When an agent calls another service, you can propagate the current trace across the network boundary using W3C Trace Context headers.

Injecting a traceparent header

Call agentvista.inject_traceparent(headers) to add a traceparent header to an outgoing request. The function mutates and returns the headers dict.
import httpx
import agentvista

with agentvista.run("orchestrator") as r:
    headers = {}
    agentvista.inject_traceparent(headers)
    # headers now contains: {"traceparent": "00-<trace_id>-<span_id>-01"}

    response = httpx.post(
        "https://downstream-service/process",
        headers=headers,
        json={"data": "..."},
    )
inject_traceparent() is a no-op when called outside an active trace.

Extracting a traceparent header

In the downstream service, pass the incoming traceparent to agentvista.run() via incoming_traceparent. AgentVista will continue the same logical trace so all downstream spans appear in the same unified view.
import agentvista

# In a FastAPI or similar framework:
def process(request):
    incoming = request.headers.get("traceparent")
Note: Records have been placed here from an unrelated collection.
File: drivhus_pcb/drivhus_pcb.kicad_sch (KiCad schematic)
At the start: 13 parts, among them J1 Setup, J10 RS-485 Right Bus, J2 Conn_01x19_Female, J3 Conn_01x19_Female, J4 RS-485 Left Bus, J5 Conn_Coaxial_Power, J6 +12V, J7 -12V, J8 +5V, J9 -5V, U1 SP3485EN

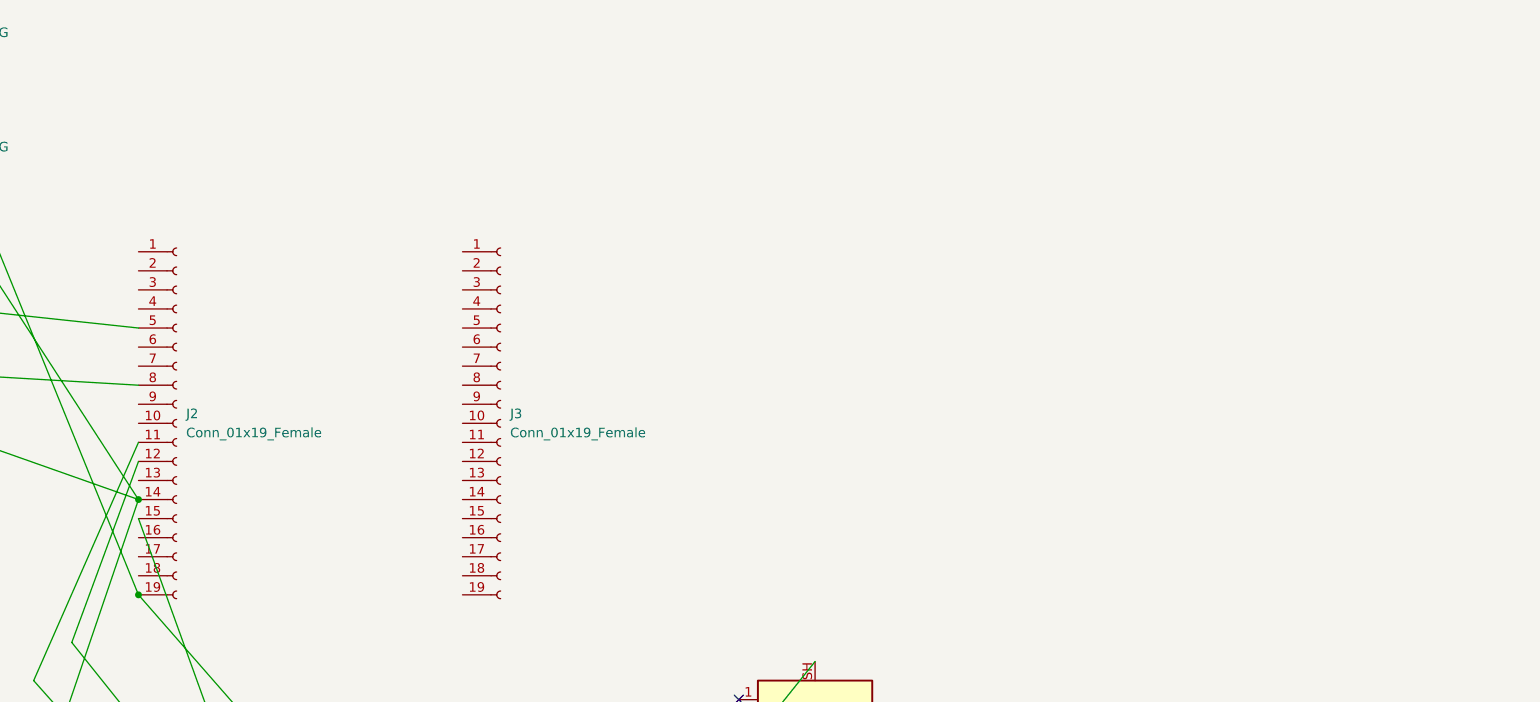
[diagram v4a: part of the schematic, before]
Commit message: Added connectors for indoor and outdoor temp/humid/light sensors
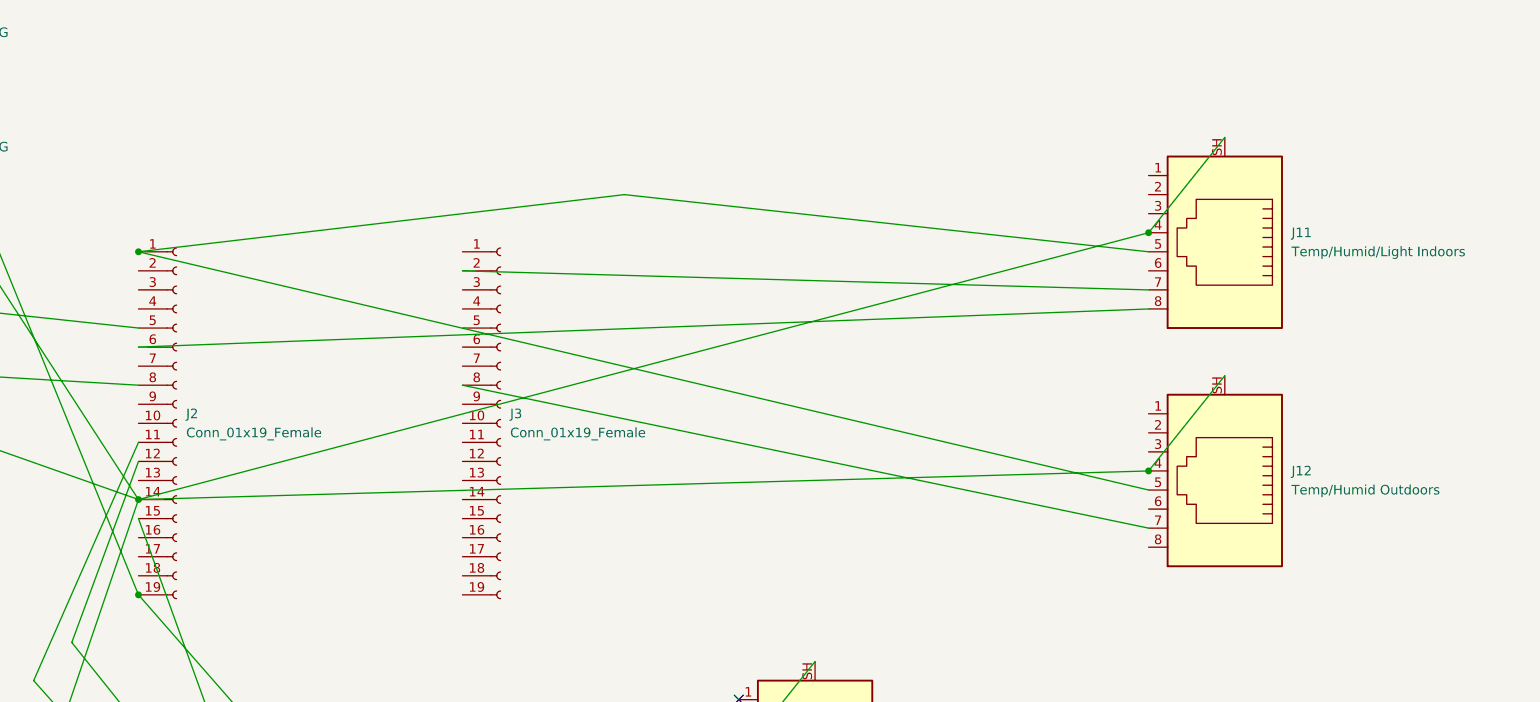
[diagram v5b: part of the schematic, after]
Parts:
- added J11: Temp/Humid/Light Indoors, Connector_RJ:RJ45_Ninigi_GE, symbol Connector:RJ45_Shielded
- added J12: Temp/Humid Outdoors, Connector_RJ:RJ45_Ninigi_GE, symbol Connector:RJ45_Shielded
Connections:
- net GND: now also J11.4, J11.SH, J12.4, J12.SH
- net at J2.1 (Pin_1): now also J11.5, J12.5
- net at J2.6 (Pin_6): now also J11.8
- net at J3.2 (Pin_2): now also J11.7
- net at J3.8 (Pin_8): now also J12.7
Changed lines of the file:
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@@
   (junction (at 99.06 107.95) (diameter 0) (color 0 0 0 0)
   )
+  (junction (at 233.68 91.44) (diameter 0) (color 0 0 0 0)
+  )
   (junction (at 27.94 64.77) (diameter 0) (color 0 0 0 0)
   )
+  (junction (at 99.06 62.23) (diameter 0) (color 0 0 0 0)
+  )
   (junction (at 135.89 146.05) (diameter 0) (color 0 0 0 0)
+  )
+  (junction (at 233.68 59.69) (diameter 0) (color 0 0 0 0)
   )
   (junction (at 68.58 33.02) (diameter 0) (color 0 0 0 0)
@@
     (stroke (width 0) (type default) (color 0 0 0 0))
   )
+  (wire (pts (xy 99.06 95.25) (xy 233.68 91.44))
+    (stroke (width 0) (type default) (color 0 0 0 0))
+  )
+  (wire (pts (xy 163.83 54.61) (xy 233.68 62.23))
+    (stroke (width 0) (type default) (color 0 0 0 0))
+  )
+  (wire (pts (xy 99.06 74.93) (xy 233.68 69.85))
+    (stroke (width 0) (type default) (color 0 0 0 0))
+  )
   (wire (pts (xy 179.07 129.54) (xy 189.23 116.84))
     (stroke (width 0) (type default) (color 0 0 0 0))
@@
     (stroke (width 0) (type default) (color 0 0 0 0))
   )
+  (wire (pts (xy 99.06 62.23) (xy 163.83 54.61))
+    (stroke (width 0) (type default) (color 0 0 0 0))
+  )
   (wire (pts (xy 115.57 146.05) (xy 115.57 151.13))
     (stroke (width 0) (type default) (color 0 0 0 0))
@@
     (stroke (width 0) (type default) (color 0 0 0 0))
   )
+  (wire (pts (xy 233.68 59.69) (xy 243.84 46.99))
+    (stroke (width 0) (type default) (color 0 0 0 0))
+  )
+  (wire (pts (xy 233.68 91.44) (xy 243.84 78.74))
+    (stroke (width 0) (type default) (color 0 0 0 0))
+  )
   (wire (pts (xy 135.89 146.05) (xy 179.07 137.16))
     (stroke (width 0) (type default) (color 0 0 0 0))
@@
     (stroke (width 0) (type default) (color 0 0 0 0))
   )
+  (wire (pts (xy 142.24 80.01) (xy 233.68 99.06))
+    (stroke (width 0) (type default) (color 0 0 0 0))
+  )
+  (wire (pts (xy 99.06 95.25) (xy 233.68 59.69))
+    (stroke (width 0) (type default) (color 0 0 0 0))
+  )
   (wire (pts (xy 99.06 95.25) (xy 78.74 154.94))
     (stroke (width 0) (type default) (color 0 0 0 0))
@@
     (stroke (width 0) (type default) (color 0 0 0 0))
   )
+  (wire (pts (xy 99.06 62.23) (xy 233.68 93.98))
+    (stroke (width 0) (type default) (color 0 0 0 0))
+  )
   (wire (pts (xy 44.45 45.72) (xy 44.45 48.26))
     (stroke (width 0) (type default) (color 0 0 0 0))
@@
     (stroke (width 0) (type default) (color 0 0 0 0))
   )
+  (wire (pts (xy 142.24 64.77) (xy 233.68 67.31))
+    (stroke (width 0) (type default) (color 0 0 0 0))
+  )
   (wire (pts (xy 125.73 138.43) (xy 179.07 132.08))
     (stroke (width 0) (type default) (color 0 0 0 0))
@@
     )
     (pin "1")
+  )
+  (symbol (lib_id "Connector:RJ45_Shielded") (at 243.84 91.44 180) (unit 1)
+    (in_bom yes) (on_board yes) (fields_autoplaced)
+    (property "Reference" "J12" (id 0) (at 252.73 91.4399 0)
+      (effects (font (size 1.27 1.27)) (justify right))
+    )
+    (property "Value" "Temp/Humid Outdoors" (id 1) (at 252.73 93.9799 0)
+      (effects (font (size 1.27 1.27)) (justify right))
+    )
+    (property "Footprint" "Connector_RJ:RJ45_Ninigi_GE" (id 2) (at 243.84 92.075 90)
+      (effects (font (size 1.27 1.27)) hide)
+    )
+    (property "Datasheet" "~" (id 3) (at 243.84 92.075 90)
+      (effects (font (size 1.27 1.27)) hide)
+    )
+    (pin "1")
+    (pin "2")
+    (pin "3")
+    (pin "4")
+    (pin "5")
+    (pin "6")
+    (pin "7")
+    (pin "8")
+    (pin "SH")
   )
   (symbol (lib_id "Connector:Conn_01x19_Female") (at 104.14 85.09 0) (unit 1)
@@
     (pin "9")
   )
+  (symbol (lib_id "Connector:RJ45_Shielded") (at 243.84 59.69 180) (unit 1)
+    (in_bom yes) (on_board yes) (fields_autoplaced)
+    (property "Reference" "J11" (id 0) (at 252.73 59.6899 0)
+      (effects (font (size 1.27 1.27)) (justify right))
+    )
+    (property "Value" "Temp/Humid/Light Indoors" (id 1) (at 252.73 62.2299 0)
+      (effects (font (size 1.27 1.27)) (justify right))
+    )
+    (property "Footprint" "Connector_RJ:RJ45_Ninigi_GE" (id 2) (at 243.84 60.325 90)
+      (effects (font (size 1.27 1.27)) hide)
+    )
+    (property "Datasheet" "~" (id 3) (at 243.84 60.325 90)
+      (effects (font (size 1.27 1.27)) hide)
+    )
+    (pin "1")
+    (pin "2")
+    (pin "3")
+    (pin "4")
+    (pin "5")
+    (pin "6")
+    (pin "7")
+    (pin "8")
+    (pin "SH")
+  )
   (symbol (lib_id "power:+5V") (at 68.58 33.02 270) (unit 1)
     (in_bom yes) (on_board yes) (fields_autoplaced)
@@
       (reference "J10") (unit 1) (value "RS-485 Right Bus") (footprint "Connector_RJ:RJ45_Ninigi_GE")
     )
+    (path "/4c469707-9012-4c4e-9b88-e445c5c64803"
+      (reference "J11") (unit 1) (value "Temp/Humid/Light Indoors") (footprint "Connector_RJ:RJ45_Ninigi_GE")
+    )
+    (path "/1a8cb90e-f5bd-4cd7-b987-feae025c484b"
+      (reference "J12") (unit 1) (value "Temp/Humid Outdoors") (footprint "Connector_RJ:RJ45_Ninigi_GE")
+    )
     (path "/57442f99-2d46-4e71-bd92-43296b060c85"

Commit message: Added relays. Added lots and lots of relays...
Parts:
- added D1, D10, D11, D12, D13, D14, D15, D2, D3, D4, D5, D6, D7, D8, D9: D, Diode_SMD:D_SMB, symbol Device:D
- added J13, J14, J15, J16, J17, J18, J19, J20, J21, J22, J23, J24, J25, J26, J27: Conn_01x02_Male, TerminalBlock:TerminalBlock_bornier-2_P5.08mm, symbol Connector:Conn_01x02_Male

    with agentvista.run("downstream-agent", incoming_traceparent=incoming) as r:
        result = do_work()
        r.set_outcome(success=True)
You can also parse the header directly with agentvista.extract_traceparent(headers), which returns (trace_id, parent_span_id) or None if the header is missing or malformed.

Performance

  • record() returns in under 0.1 ms — there is no synchronous network call on the hot path.
  • Events are batched in memory and flushed to AgentVista every 2 seconds by a background thread.
  • Network failures are silently dropped. Your agents never crash due to observability errors.
  • Tracing state uses contextvars.ContextVar, which is both async-safe and thread-safe — safe to use in FastAPI, asyncio, and threaded servers without any extra configuration.